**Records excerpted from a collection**

::::::::::

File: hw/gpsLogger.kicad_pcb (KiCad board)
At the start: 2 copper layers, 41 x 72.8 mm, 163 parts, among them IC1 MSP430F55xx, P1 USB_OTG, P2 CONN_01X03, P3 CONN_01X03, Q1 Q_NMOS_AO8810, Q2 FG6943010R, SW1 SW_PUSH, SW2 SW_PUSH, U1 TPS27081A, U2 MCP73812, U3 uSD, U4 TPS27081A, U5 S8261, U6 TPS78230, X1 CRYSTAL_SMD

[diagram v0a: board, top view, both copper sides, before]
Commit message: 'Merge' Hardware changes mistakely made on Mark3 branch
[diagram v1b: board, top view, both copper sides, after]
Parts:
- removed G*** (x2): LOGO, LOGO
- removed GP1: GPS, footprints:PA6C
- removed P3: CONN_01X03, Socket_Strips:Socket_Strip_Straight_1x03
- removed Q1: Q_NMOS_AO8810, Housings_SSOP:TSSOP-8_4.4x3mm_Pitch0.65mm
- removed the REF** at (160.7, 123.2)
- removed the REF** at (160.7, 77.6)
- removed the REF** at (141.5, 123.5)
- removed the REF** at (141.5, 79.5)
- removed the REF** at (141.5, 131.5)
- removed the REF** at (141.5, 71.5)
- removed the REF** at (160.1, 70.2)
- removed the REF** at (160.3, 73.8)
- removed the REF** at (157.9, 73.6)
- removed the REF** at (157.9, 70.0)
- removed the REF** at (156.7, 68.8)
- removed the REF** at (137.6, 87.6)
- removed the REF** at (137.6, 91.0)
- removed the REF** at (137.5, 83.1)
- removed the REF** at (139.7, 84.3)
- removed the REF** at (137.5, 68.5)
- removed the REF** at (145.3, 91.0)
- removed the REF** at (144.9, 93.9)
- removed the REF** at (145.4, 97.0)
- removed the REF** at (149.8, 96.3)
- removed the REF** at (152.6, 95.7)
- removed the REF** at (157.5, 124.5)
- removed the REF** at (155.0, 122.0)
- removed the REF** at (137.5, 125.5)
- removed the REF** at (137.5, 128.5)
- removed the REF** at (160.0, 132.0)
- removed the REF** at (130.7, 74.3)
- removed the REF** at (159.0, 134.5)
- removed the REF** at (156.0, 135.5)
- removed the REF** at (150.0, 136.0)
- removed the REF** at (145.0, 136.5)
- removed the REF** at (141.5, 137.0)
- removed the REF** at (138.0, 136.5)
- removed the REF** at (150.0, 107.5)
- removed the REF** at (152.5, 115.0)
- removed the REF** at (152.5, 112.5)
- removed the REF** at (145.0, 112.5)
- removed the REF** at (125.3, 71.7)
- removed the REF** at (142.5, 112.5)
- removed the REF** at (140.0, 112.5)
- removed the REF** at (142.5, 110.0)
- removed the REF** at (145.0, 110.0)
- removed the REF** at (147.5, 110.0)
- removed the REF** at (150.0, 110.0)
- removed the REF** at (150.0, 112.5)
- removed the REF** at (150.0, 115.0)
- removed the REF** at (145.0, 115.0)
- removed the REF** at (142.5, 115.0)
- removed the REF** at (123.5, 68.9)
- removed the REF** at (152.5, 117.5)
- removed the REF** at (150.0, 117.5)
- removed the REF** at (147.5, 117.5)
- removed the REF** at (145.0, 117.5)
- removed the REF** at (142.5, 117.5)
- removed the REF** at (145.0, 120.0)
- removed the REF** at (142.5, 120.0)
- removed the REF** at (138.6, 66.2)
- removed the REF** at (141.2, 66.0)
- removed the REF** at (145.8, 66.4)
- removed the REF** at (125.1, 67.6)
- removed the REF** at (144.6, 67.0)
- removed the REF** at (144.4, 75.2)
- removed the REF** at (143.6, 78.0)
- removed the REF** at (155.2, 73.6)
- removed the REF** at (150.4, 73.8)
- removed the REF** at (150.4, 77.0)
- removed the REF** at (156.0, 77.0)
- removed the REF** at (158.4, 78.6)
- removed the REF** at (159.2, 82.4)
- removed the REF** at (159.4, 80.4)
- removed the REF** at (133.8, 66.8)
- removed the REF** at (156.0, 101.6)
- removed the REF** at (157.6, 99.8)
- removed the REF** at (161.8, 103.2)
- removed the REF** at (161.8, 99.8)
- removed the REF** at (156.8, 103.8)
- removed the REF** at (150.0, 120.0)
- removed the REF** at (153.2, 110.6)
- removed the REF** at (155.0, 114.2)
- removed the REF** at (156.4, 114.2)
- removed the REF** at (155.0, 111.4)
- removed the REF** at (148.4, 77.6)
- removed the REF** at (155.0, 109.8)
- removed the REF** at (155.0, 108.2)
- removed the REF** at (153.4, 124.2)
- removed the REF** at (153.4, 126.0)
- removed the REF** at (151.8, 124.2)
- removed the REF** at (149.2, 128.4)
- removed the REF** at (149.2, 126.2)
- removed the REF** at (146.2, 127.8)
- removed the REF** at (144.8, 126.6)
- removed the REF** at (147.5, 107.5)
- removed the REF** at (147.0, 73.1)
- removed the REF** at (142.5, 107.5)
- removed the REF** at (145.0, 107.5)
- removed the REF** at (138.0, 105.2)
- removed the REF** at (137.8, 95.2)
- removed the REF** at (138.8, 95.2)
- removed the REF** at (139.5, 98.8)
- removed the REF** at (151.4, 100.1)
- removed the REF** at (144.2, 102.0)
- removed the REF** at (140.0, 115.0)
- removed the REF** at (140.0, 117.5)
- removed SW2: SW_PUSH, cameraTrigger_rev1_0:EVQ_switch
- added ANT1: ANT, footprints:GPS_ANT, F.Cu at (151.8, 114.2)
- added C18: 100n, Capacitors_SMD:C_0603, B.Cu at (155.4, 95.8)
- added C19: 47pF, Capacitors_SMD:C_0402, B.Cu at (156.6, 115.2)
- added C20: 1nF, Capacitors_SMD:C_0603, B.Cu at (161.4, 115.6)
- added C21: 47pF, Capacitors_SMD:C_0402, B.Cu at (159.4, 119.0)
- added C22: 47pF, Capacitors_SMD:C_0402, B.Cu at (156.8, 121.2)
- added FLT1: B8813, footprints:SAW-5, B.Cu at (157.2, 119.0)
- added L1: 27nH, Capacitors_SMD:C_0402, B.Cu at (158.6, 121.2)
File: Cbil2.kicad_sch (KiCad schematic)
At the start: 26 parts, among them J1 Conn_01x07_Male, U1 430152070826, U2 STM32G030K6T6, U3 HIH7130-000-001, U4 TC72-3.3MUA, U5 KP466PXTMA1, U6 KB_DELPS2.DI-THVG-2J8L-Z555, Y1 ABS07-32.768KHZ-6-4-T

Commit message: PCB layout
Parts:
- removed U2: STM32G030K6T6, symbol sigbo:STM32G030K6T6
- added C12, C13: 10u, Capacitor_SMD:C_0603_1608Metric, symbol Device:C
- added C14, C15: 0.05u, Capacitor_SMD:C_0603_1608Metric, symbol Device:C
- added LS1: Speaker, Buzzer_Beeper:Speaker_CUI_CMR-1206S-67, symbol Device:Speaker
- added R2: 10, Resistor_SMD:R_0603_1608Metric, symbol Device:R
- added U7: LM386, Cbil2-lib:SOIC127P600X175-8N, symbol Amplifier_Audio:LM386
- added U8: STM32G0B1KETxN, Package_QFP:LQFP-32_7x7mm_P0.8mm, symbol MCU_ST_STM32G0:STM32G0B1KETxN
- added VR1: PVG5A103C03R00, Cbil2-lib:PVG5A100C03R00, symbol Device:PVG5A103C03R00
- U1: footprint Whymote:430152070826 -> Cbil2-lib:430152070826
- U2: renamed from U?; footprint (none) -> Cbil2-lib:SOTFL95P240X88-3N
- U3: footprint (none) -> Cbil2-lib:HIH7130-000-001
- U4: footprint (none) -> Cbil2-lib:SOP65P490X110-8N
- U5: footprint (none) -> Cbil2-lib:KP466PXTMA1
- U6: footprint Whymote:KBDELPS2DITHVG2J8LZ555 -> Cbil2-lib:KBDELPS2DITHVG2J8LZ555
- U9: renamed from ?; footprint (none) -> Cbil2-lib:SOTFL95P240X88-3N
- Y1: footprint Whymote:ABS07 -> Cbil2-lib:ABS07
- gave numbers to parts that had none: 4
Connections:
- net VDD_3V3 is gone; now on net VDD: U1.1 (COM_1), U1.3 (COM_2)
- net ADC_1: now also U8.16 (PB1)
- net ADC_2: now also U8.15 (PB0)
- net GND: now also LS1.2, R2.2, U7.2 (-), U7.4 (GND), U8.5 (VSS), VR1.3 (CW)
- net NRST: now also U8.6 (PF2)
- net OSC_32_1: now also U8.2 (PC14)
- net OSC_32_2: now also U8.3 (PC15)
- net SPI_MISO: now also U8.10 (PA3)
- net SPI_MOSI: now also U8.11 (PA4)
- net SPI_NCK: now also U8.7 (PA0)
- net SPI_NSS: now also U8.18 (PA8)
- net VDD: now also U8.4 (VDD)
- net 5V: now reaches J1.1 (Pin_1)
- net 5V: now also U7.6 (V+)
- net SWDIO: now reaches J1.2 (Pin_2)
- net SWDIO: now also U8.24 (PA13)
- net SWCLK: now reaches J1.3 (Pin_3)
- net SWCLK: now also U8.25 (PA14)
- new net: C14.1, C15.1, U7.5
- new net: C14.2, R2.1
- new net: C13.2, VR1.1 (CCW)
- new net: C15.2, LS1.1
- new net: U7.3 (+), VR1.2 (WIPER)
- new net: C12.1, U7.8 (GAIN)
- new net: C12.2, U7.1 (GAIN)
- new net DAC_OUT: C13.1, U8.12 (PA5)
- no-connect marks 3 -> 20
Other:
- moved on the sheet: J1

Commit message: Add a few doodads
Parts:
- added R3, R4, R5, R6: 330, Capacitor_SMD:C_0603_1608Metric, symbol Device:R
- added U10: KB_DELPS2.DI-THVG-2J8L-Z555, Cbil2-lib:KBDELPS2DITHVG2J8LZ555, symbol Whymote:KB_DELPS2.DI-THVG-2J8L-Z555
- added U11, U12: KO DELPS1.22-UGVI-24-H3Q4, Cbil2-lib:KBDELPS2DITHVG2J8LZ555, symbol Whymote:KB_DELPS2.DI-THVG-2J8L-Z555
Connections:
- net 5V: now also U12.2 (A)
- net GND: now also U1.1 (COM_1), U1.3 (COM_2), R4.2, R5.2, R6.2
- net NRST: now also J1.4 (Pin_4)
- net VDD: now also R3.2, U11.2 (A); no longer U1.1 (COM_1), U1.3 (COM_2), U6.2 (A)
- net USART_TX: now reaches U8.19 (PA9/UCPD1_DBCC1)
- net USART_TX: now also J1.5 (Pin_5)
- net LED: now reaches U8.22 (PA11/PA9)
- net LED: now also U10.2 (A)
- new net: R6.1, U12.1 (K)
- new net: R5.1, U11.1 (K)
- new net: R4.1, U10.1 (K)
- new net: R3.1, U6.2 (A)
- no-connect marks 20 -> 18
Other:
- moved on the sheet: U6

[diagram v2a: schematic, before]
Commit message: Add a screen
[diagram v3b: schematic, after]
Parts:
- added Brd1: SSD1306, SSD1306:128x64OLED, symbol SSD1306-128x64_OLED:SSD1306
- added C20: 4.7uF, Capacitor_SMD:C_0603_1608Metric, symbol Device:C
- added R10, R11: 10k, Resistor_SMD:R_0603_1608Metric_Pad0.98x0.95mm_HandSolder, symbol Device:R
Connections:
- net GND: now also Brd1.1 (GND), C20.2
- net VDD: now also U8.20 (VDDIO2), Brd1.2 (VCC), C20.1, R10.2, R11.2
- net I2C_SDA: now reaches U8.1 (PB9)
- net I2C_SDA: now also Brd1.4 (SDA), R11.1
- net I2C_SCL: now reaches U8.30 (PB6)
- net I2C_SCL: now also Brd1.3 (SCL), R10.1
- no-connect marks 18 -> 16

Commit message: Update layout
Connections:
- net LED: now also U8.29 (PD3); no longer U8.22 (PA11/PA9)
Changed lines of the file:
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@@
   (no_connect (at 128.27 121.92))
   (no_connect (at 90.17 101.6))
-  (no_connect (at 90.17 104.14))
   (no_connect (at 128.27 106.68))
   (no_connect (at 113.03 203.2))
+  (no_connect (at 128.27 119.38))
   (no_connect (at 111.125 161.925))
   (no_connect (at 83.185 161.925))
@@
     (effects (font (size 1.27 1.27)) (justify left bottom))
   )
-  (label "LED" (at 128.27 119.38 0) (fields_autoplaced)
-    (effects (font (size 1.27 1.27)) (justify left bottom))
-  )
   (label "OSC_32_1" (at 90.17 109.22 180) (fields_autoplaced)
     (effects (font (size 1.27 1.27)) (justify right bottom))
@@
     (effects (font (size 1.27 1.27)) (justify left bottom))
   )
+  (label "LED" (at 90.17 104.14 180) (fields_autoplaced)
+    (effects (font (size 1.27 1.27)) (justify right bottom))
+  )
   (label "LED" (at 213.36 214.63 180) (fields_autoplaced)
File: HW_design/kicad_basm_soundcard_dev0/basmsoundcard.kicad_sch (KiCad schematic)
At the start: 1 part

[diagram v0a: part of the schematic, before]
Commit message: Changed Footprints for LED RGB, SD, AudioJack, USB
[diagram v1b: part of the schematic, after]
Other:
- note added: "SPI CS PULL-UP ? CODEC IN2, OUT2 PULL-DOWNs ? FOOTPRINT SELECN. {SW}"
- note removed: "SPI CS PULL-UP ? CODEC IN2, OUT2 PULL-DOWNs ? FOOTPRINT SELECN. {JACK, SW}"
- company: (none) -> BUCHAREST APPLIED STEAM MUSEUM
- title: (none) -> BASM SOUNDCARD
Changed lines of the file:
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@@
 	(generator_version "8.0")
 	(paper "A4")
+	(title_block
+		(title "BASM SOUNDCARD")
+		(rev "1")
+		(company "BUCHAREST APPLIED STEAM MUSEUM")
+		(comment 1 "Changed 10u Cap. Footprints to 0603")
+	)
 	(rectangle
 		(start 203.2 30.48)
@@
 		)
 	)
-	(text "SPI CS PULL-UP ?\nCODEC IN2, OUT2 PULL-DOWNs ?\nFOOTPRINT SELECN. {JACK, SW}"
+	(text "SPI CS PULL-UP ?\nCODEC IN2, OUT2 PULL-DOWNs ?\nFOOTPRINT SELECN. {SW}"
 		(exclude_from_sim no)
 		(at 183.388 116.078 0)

::::::::::

**Problem description**
Taking the lines above, repeat exactly those from the line that contains "- removed the REF** at (138.0, 105.2)" through the line that contains "File: Cbil2.kicad_sch (KiCad schematic)", and both of those lines as well. Include nothing else.

**Task response**
- removed the REF** at (138.0, 105.2)
- removed the REF** at (137.8, 95.2)
- removed the REF** at (138.8, 95.2)
- removed the REF** at (139.5, 98.8)
- removed the REF** at (151.4, 100.1)
- removed the REF** at (144.2, 102.0)
- removed the REF** at (140.0, 115.0)
- removed the REF** at (140.0, 117.5)
- removed SW2: SW_PUSH, cameraTrigger_rev1_0:EVQ_switch
- added ANT1: ANT, footprints:GPS_ANT, F.Cu at (151.8, 114.2)
- added C18: 100n, Capacitors_SMD:C_0603, B.Cu at (155.4, 95.8)
- added C19: 47pF, Capacitors_SMD:C_0402, B.Cu at (156.6, 115.2)
- added C20: 1nF, Capacitors_SMD:C_0603, B.Cu at (161.4, 115.6)
- added C21: 47pF, Capacitors_SMD:C_0402, B.Cu at (159.4, 119.0)
- added C22: 47pF, Capacitors_SMD:C_0402, B.Cu at (156.8, 121.2)
- added FLT1: B8813, footprints:SAW-5, B.Cu at (157.2, 119.0)
- added L1: 27nH, Capacitors_SMD:C_0402, B.Cu at (158.6, 121.2)
File: Cbil2.kicad_sch (KiCad schematic)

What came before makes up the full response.